Comment reconnaître une méningite bactérienne ?

Les symptômes ressemblent à ceux de la grippe : de la fièvre, des maux de tête, la fameuse « raideur dans la nuque », d’éventuels vomissements, mais aussi une hypersensibilité à la lumière, une confusion et parfois de petits boutons violacés.

Mal de têteDeux symptômes spécifiques de la méningite bactérienne peuvent toutefois alerter : la limitation de l’élévation des membres inférieurs (dite signe de Kernig), que l’on constate quand le patient, jambes tendues, ressent une douleur en essayant de les replier sur le bassin, et le signe de Budzinski, c’est-à-dire une flexion involontaire des jambes lorsqu’on penche la tête en avant. En présence de certains de ces symptômes, il faut contacter le Samu au plus vite.

Comment se transmet-elle ?

Le germe du méningocoque se transmet par inhalation de petites gouttes de salive projetées dans l’air par une personne infectée. Dans ce cas de méningite, « la contamination nécessite un contact rapproché avec une personne porteuse de ce germe », note le docteur Pierrick Hordé, interrogé par Santé Médecine. Il y a donc très peu de risques de contamination dans les lieux publics, ou même en se faisant passer un objet (cuillère, cigarette…) d’une bouche à l’autre. Depuis 2010, un vaccin contre les méningites C est recommandé aux enfants et aux adultes jusqu’à 24 ans, mais seul 50% des enfants de moins de 4 ans se font vacciner, et le chiffre tombe à 5% pour les 20-24 ans.

Ce n’est que dans le cas de la méningite à pneumocoques que la bactérie peut se transmettre en touchant des objets souillés par les sécrétions respiratoires du malade. Un vaccin anti-pneumocoque existe, mais les résultats de sa généralisation sont encore mal analysés. Il permettrait cependant de gagner 10 à 5 vies supplémentaires par an.

Que faire si une personne de mon entourage a été infectée ?

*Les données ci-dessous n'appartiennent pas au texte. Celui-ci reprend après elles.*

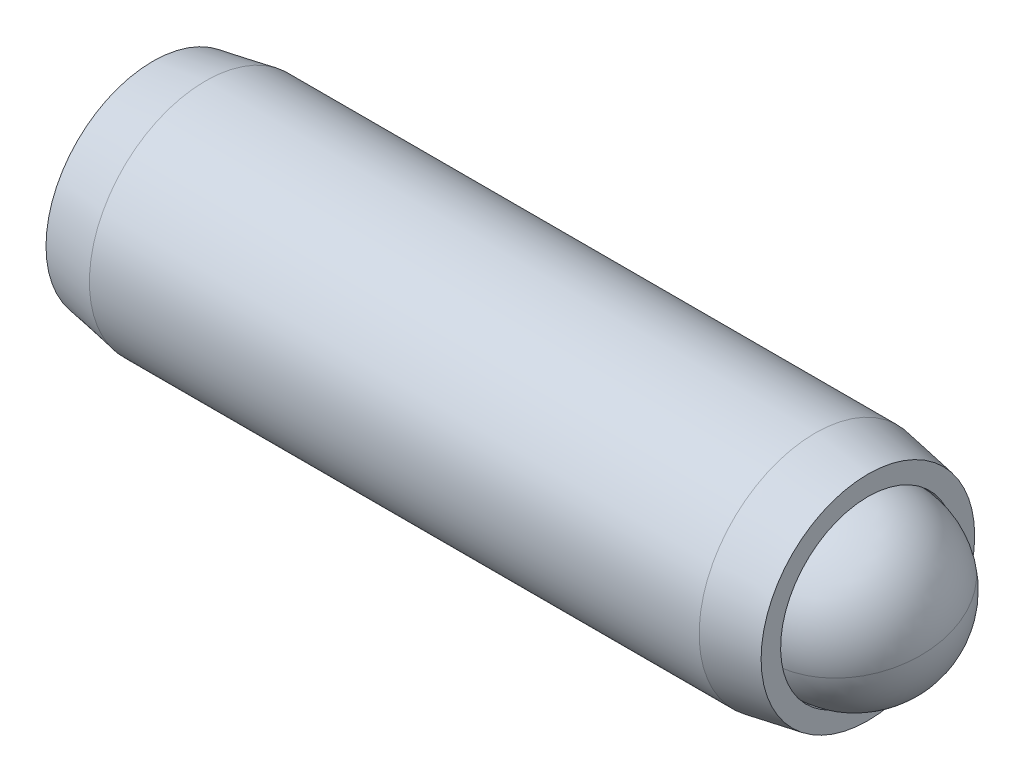
ISO-10303-21;
HEADER;
FILE_DESCRIPTION(('STEP AP214'),'2;1');
FILE_NAME('part.step','',(''),(''),'','','');
FILE_SCHEMA(('AUTOMOTIVE_DESIGN { 1 0 10303 214 1 1 1 1 }'));
ENDSEC;
DATA;
#1=APPLICATION_CONTEXT('core data for automotive mechanical design processes');
#2=APPLICATION_PROTOCOL_DEFINITION('international standard','automotive_design',2000,#1);
#3=PRODUCT_CONTEXT('',#1,'mechanical');
#4=PRODUCT('Part','Part','',(#3));
#5=PRODUCT_RELATED_PRODUCT_CATEGORY('part','',(#4));
#6=PRODUCT_DEFINITION_FORMATION('','',#4);
#7=PRODUCT_DEFINITION_CONTEXT('part definition',#1,'design');
#8=PRODUCT_DEFINITION('design','',#6,#7);
#9=PRODUCT_DEFINITION_SHAPE('','',#8);
#10=(LENGTH_UNIT() NAMED_UNIT(*) SI_UNIT(.MILLI.,.METRE.));
#11=(NAMED_UNIT(*) PLANE_ANGLE_UNIT() SI_UNIT($,.RADIAN.));
#12=(NAMED_UNIT(*) SI_UNIT($,.STERADIAN.) SOLID_ANGLE_UNIT());
#13=UNCERTAINTY_MEASURE_WITH_UNIT(LENGTH_MEASURE(1.E-05),#10,'distance_accuracy_value','');
#14=(GEOMETRIC_REPRESENTATION_CONTEXT(3) GLOBAL_UNCERTAINTY_ASSIGNED_CONTEXT((#13)) GLOBAL_UNIT_ASSIGNED_CONTEXT((#10,
#11,#12)) REPRESENTATION_CONTEXT('',''));
#15=CARTESIAN_POINT('',(0.,0.,0.));
#16=DIRECTION('',(0.,0.,1.));
#17=DIRECTION('',(1.,0.,0.));
#18=AXIS2_PLACEMENT_3D('',#15,#16,#17);
#19=CARTESIAN_POINT('',(-12.4963459470191,2.74204998828509,-0.965131231055238));
#20=DIRECTION('',(-1.,0.,0.));
#21=DIRECTION('',(0.,-1.,0.));
#22=AXIS2_PLACEMENT_3D('',#19,#20,#21);
#23=PLANE('',#22);
#24=DIRECTION('',(0.,0.866025403784439,-0.5));
#25=VECTOR('',#24,1.);
#26=CARTESIAN_POINT('',(-12.4963459470191,2.61504998828509,-2.33078112403965));
#27=LINE('',#26,#25);
#28=CARTESIAN_POINT('',(-12.4963459470191,1.49586248828509,-1.68461791964099));
#29=VERTEX_POINT('',#28);
#30=CARTESIAN_POINT('',(-12.4963459470191,2.74204998828509,-2.40410460822674));
#31=VERTEX_POINT('',#30);
#32=EDGE_CURVE('P0_E164',#29,#31,#27,.T.);
#33=ORIENTED_EDGE('',*,*,#32,.T.);
#34=DIRECTION('',(0.,0.866025403784439,0.5));
#35=VECTOR('',#34,1.);
#36=CARTESIAN_POINT('',(-12.4963459470191,3.86123748828509,-1.75794140382807));
#37=LINE('',#36,#35);
#38=CARTESIAN_POINT('',(-12.4963459470191,3.98823748828509,-1.68461791964099));
#39=VERTEX_POINT('',#38);
#40=EDGE_CURVE('P0_E166',#31,#39,#37,.T.);
#41=ORIENTED_EDGE('',*,*,#40,.T.);
#42=DIRECTION('',(0.,0.,1.));
#43=VECTOR('',#42,1.);
#44=CARTESIAN_POINT('',(-12.4963459470191,3.98823748828509,-0.392291510843657));
#45=LINE('',#44,#43);
#46=CARTESIAN_POINT('',(-12.4963459470191,3.98823748828509,-0.245644542469492));
#47=VERTEX_POINT('',#46);
#48=EDGE_CURVE('P0_E156',#39,#47,#45,.T.);
#49=ORIENTED_EDGE('',*,*,#48,.T.);
#50=DIRECTION('',(0.,-0.866025403784438,0.5));
#51=VECTOR('',#50,1.);
#52=CARTESIAN_POINT('',(-12.4963459470191,2.86904998828509,0.400518661929174));
#53=LINE('',#52,#51);
#54=CARTESIAN_POINT('',(-12.4963459470191,2.74204998828509,0.473842146116257));
#55=VERTEX_POINT('',#54);
#56=EDGE_CURVE('P0_E158',#47,#55,#53,.T.);
#57=ORIENTED_EDGE('',*,*,#56,.T.);
#58=DIRECTION('',(0.,-0.866025403784439,-0.5));
#59=VECTOR('',#58,1.);
#60=CARTESIAN_POINT('',(-12.4963459470191,1.62286248828509,-0.172321058282407));
#61=LINE('',#60,#59);
#62=CARTESIAN_POINT('',(-12.4963459470191,1.49586248828509,-0.24564454246949));
#63=VERTEX_POINT('',#62);
#64=EDGE_CURVE('P0_E160',#55,#63,#61,.T.);
#65=ORIENTED_EDGE('',*,*,#64,.T.);
#66=DIRECTION('',(0.,0.,-1.));
#67=VECTOR('',#66,1.);
#68=CARTESIAN_POINT('',(-12.4963459470191,1.49586248828509,-1.53797095126682));
#69=LINE('',#68,#67);
#70=EDGE_CURVE('P0_E162',#63,#29,#69,.T.);
#71=ORIENTED_EDGE('',*,*,#70,.T.);
#72=EDGE_LOOP('',(#33,#41,#49,#57,#65,#71));
#73=FACE_BOUND('',#72,.T.);
#74=CARTESIAN_POINT('',(-12.4963459470191,2.74204998828509,-0.965131231055238));
#75=DIRECTION('',(1.,0.,0.));
#76=DIRECTION('',(0.,1.,0.));
#77=AXIS2_PLACEMENT_3D('',#74,#75,#76);
#78=CIRCLE('',#77,2.921);
#79=CARTESIAN_POINT('',(-12.4963459470191,5.66304998828509,-0.965131231055238));
#80=VERTEX_POINT('',#79);
#81=EDGE_CURVE('P0_E150',#80,#80,#78,.T.);
#82=ORIENTED_EDGE('',*,*,#81,.F.);
#83=EDGE_LOOP('',(#82));
#84=FACE_BOUND('',#83,.T.);
#85=ADVANCED_FACE('P0_F17',(#73,#84),#23,.T.);
#86=CARTESIAN_POINT('',(-11.0558403648362,2.74204998828509,-0.965131231055238));
#87=DIRECTION('',(1.,0.,0.));
#88=DIRECTION('',(0.,1.,0.));
#89=AXIS2_PLACEMENT_3D('',#86,#87,#88);
#90=CONICAL_SURFACE('',#89,3.175,0.174532925199434);
#91=ORIENTED_EDGE('',*,*,#81,.T.);
#92=EDGE_LOOP('',(#91));
#93=FACE_BOUND('',#92,.T.);
#94=CARTESIAN_POINT('',(-11.0558403648362,2.74204998828509,-0.965131231055238));
#95=DIRECTION('',(1.,0.,0.));
#96=DIRECTION('',(0.,1.,0.));
#97=AXIS2_PLACEMENT_3D('',#94,#95,#96);
#98=CIRCLE('',#97,3.175);
#99=CARTESIAN_POINT('',(-11.0558403648362,5.91704998828509,-0.965131231055238));
#100=VERTEX_POINT('',#99);
#101=EDGE_CURVE('P0_E147',#100,#100,#98,.T.);
#102=ORIENTED_EDGE('',*,*,#101,.F.);
#103=EDGE_LOOP('',(#102));
#104=FACE_BOUND('',#103,.T.);
#105=ADVANCED_FACE('P0_F225',(#93,#104),#90,.T.);
#106=CARTESIAN_POINT('',(3.34480800757996,2.7420499882851,-0.965131231055238));
#107=DIRECTION('',(1.,0.,0.));
#108=DIRECTION('',(0.,1.,0.));
#109=AXIS2_PLACEMENT_3D('',#106,#107,#108);
#110=CYLINDRICAL_SURFACE('',#109,3.175);
#111=ORIENTED_EDGE('',*,*,#101,.T.);
#112=EDGE_LOOP('',(#111));
#113=FACE_BOUND('',#112,.T.);
#114=CARTESIAN_POINT('',(5.621148470798,2.7420499882851,-0.965131231055238));
#115=DIRECTION('',(1.,0.,0.));
#116=DIRECTION('',(0.,1.,0.));
#117=AXIS2_PLACEMENT_3D('',#114,#115,#116);
#118=CIRCLE('',#117,3.175);
#119=CARTESIAN_POINT('',(5.621148470798,5.91704998828509,-0.965131231055238));
#120=VERTEX_POINT('',#119);
#121=EDGE_CURVE('P0_E144',#120,#120,#118,.T.);
#122=ORIENTED_EDGE('',*,*,#121,.F.);
#123=EDGE_LOOP('',(#122));
#124=FACE_BOUND('',#123,.T.);
#125=ADVANCED_FACE('P0_F231',(#113,#124),#110,.T.);
#126=CARTESIAN_POINT('',(7.06165405298089,2.7420499882851,-0.965131231055238));
#127=DIRECTION('',(-1.,0.,0.));
#128=DIRECTION('',(0.,-1.,0.));
#129=AXIS2_PLACEMENT_3D('',#126,#127,#128);
#130=CONICAL_SURFACE('',#129,2.921,0.174532925199434);
#131=ORIENTED_EDGE('',*,*,#121,.T.);
#132=EDGE_LOOP('',(#131));
#133=FACE_BOUND('',#132,.T.);
#134=CARTESIAN_POINT('',(7.06165405298089,2.7420499882851,-0.965131231055238));
#135=DIRECTION('',(1.,0.,0.));
#136=DIRECTION('',(0.,1.,0.));
#137=AXIS2_PLACEMENT_3D('',#134,#135,#136);
#138=CIRCLE('',#137,2.921);
#139=CARTESIAN_POINT('',(7.06165405298089,5.66304998828509,-0.965131231055238));
#140=VERTEX_POINT('',#139);
#141=EDGE_CURVE('P0_E141',#140,#140,#138,.T.);
#142=ORIENTED_EDGE('',*,*,#141,.F.);
#143=EDGE_LOOP('',(#142));
#144=FACE_BOUND('',#143,.T.);
#145=ADVANCED_FACE('P0_F275',(#133,#144),#130,.T.);
#146=CARTESIAN_POINT('',(7.06165405298089,5.66304998828509,-0.965131231055238));
#147=DIRECTION('',(1.,0.,0.));
#148=DIRECTION('',(0.,1.,0.));
#149=AXIS2_PLACEMENT_3D('',#146,#147,#148);
#150=PLANE('',#149);
#151=ORIENTED_EDGE('',*,*,#141,.T.);
#152=EDGE_LOOP('',(#151));
#153=FACE_BOUND('',#152,.T.);
#154=CARTESIAN_POINT('',(7.06165405298089,2.7420499882851,-0.965131231055238));
#155=DIRECTION('',(1.,0.,0.));
#156=DIRECTION('',(0.,1.,0.));
#157=AXIS2_PLACEMENT_3D('',#154,#155,#156);
#158=CIRCLE('',#157,2.3876);
#159=CARTESIAN_POINT('',(7.06165405298089,5.1296499882851,-0.965131231055238));
#160=VERTEX_POINT('',#159);
#161=EDGE_CURVE('P0_E138',#160,#160,#158,.T.);
#162=ORIENTED_EDGE('',*,*,#161,.F.);
#163=EDGE_LOOP('',(#162));
#164=FACE_BOUND('',#163,.T.);
#165=ADVANCED_FACE('P0_F271',(#153,#164),#150,.T.);
#166=CARTESIAN_POINT('',(3.34480800757996,2.7420499882851,-0.965131231055238));
#167=DIRECTION('',(1.,0.,0.));
#168=DIRECTION('',(0.,1.,0.));
#169=AXIS2_PLACEMENT_3D('',#166,#167,#168);
#170=CYLINDRICAL_SURFACE('',#169,2.3876);
#171=ORIENTED_EDGE('',*,*,#161,.T.);
#172=EDGE_LOOP('',(#171));
#173=FACE_BOUND('',#172,.T.);
#174=CARTESIAN_POINT('',(5.73240800757996,2.7420499882851,-0.965131231055238));
#175=DIRECTION('',(1.,0.,0.));
#176=DIRECTION('',(0.,1.,0.));
#177=AXIS2_PLACEMENT_3D('',#174,#175,#176);
#178=CIRCLE('',#177,2.3876);
#179=CARTESIAN_POINT('',(5.73240800757995,5.1296499882851,-0.965131231055238));
#180=VERTEX_POINT('',#179);
#181=EDGE_CURVE('P0_E126',#180,#180,#178,.T.);
#182=ORIENTED_EDGE('',*,*,#181,.F.);
#183=EDGE_LOOP('',(#182));
#184=FACE_BOUND('',#183,.T.);
#185=ADVANCED_FACE('P0_F267',(#173,#184),#170,.F.);
#186=CARTESIAN_POINT('',(3.34480800757996,2.7420499882851,-0.965131231055238));
#187=DIRECTION('',(1.,0.,0.));
#188=DIRECTION('',(0.,1.,0.));
#189=AXIS2_PLACEMENT_3D('',#186,#187,#188);
#190=CONICAL_SURFACE('',#189,0.,0.78539816339745);
#191=ORIENTED_EDGE('',*,*,#181,.T.);
#192=EDGE_LOOP('',(#191));
#193=FACE_BOUND('',#192,.T.);
#194=CARTESIAN_POINT('',(3.34480800757996,2.7420499882851,-0.965131231055238));
#195=VERTEX_POINT('',#194);
#196=VERTEX_LOOP('',#195);
#197=FACE_BOUND('',#196,.T.);
#198=ADVANCED_FACE('P0_F221',(#193,#197),#190,.F.);
#199=CARTESIAN_POINT('',(-9.44834594701911,2.74204998828509,0.180548209367925));
#200=DIRECTION('',(0.,0.5,0.866025403784438));
#201=DIRECTION('',(0.,-0.866025403784438,0.5));
#202=AXIS2_PLACEMENT_3D('',#199,#200,#201);
#203=PLANE('',#202);
#204=DIRECTION('',(-1.,0.,0.));
#205=VECTOR('',#204,1.);
#206=CARTESIAN_POINT('',(-9.44834594701911,2.74204998828509,0.180548209367925));
#207=LINE('',#206,#205);
#208=CARTESIAN_POINT('',(-9.44834594701911,2.74204998828509,0.180548209367925));
#209=VERTEX_POINT('',#208);
#210=CARTESIAN_POINT('',(-12.2423459470191,2.74204998828509,0.180548209367925));
#211=VERTEX_POINT('',#210);
#212=EDGE_CURVE('P0_E124',#209,#211,#207,.T.);
#213=ORIENTED_EDGE('',*,*,#212,.T.);
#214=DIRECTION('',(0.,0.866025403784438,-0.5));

On l’a dit, la méningite est peu contagieuse mais dangereuse. Seuls des contacts répétés avec un proche peuvent aboutir à une transmission de la bactérie. En cas d’infection à méningocoques, il faut vous signaler aux autorités de santé afin d’être pris en charge rapidement. La procédure pourra être différente selon le type de méningite détecté. Dans le cas des trois morts de Nice, une quarantaine de personnes de l’entourage des deux beaux-frères, vraisemblablement touchés par un méningocoque de type C, ont été vaccinées. Dans le 3e cas, un méningocoque B isolé, les proches du jeune homme ont tous été traités préventivement par antibiotiques puisqu’il n’existe pas de vaccin.

Méningocoque Neisseria meningitidis
Méningocoque Neisseria meningitidis

Doit-on craindre une épidémie ? 

Non, et l’Agence régionale de santé est claire sur ce point : « Ce genre de convergence des cas n’est pas fréquente, mais il ne s’agit pas d’une épidémie », indique l’ARS dans un communiqué. La situation à Nice n’est pas exceptionnelle : les méningites, comme la grippe, sont des maladies saisonnières plus fréquentes en hiver, et chaque année on découvre une dizaine de cas de contaminations au sein d’une même famille, qui peuvent avoir des conséquences dramatiques.

Environ 700 cas par an sont recensés dans l’Hexagone, pour une mortalité de 20 à 30 personnes. En réalité, la mortalité en France a considérablement baissé depuis la mise au point, à la fin du XXe siècle, du vaccin contre l’haemophilius.

Dans le monde, on estime qu’il existe chaque année 1,2 million de cas de méningites bactériennes, et sur les 135 000 cas  mortels, 50 000 environ sont dû à un méningocoque, le seul capable de provoquer des épidémies. Ces dernières sont la plupart du temps concentrées sur le continent africain (il y a une grande épidémie tous les sept à 14 ans). Avant d’effectuer un voyage, il est donc recommandé de se renseigner sur les risques et de se faire vacciner en cas de séjour prolongé, en période sèche et en zone d’épidémie.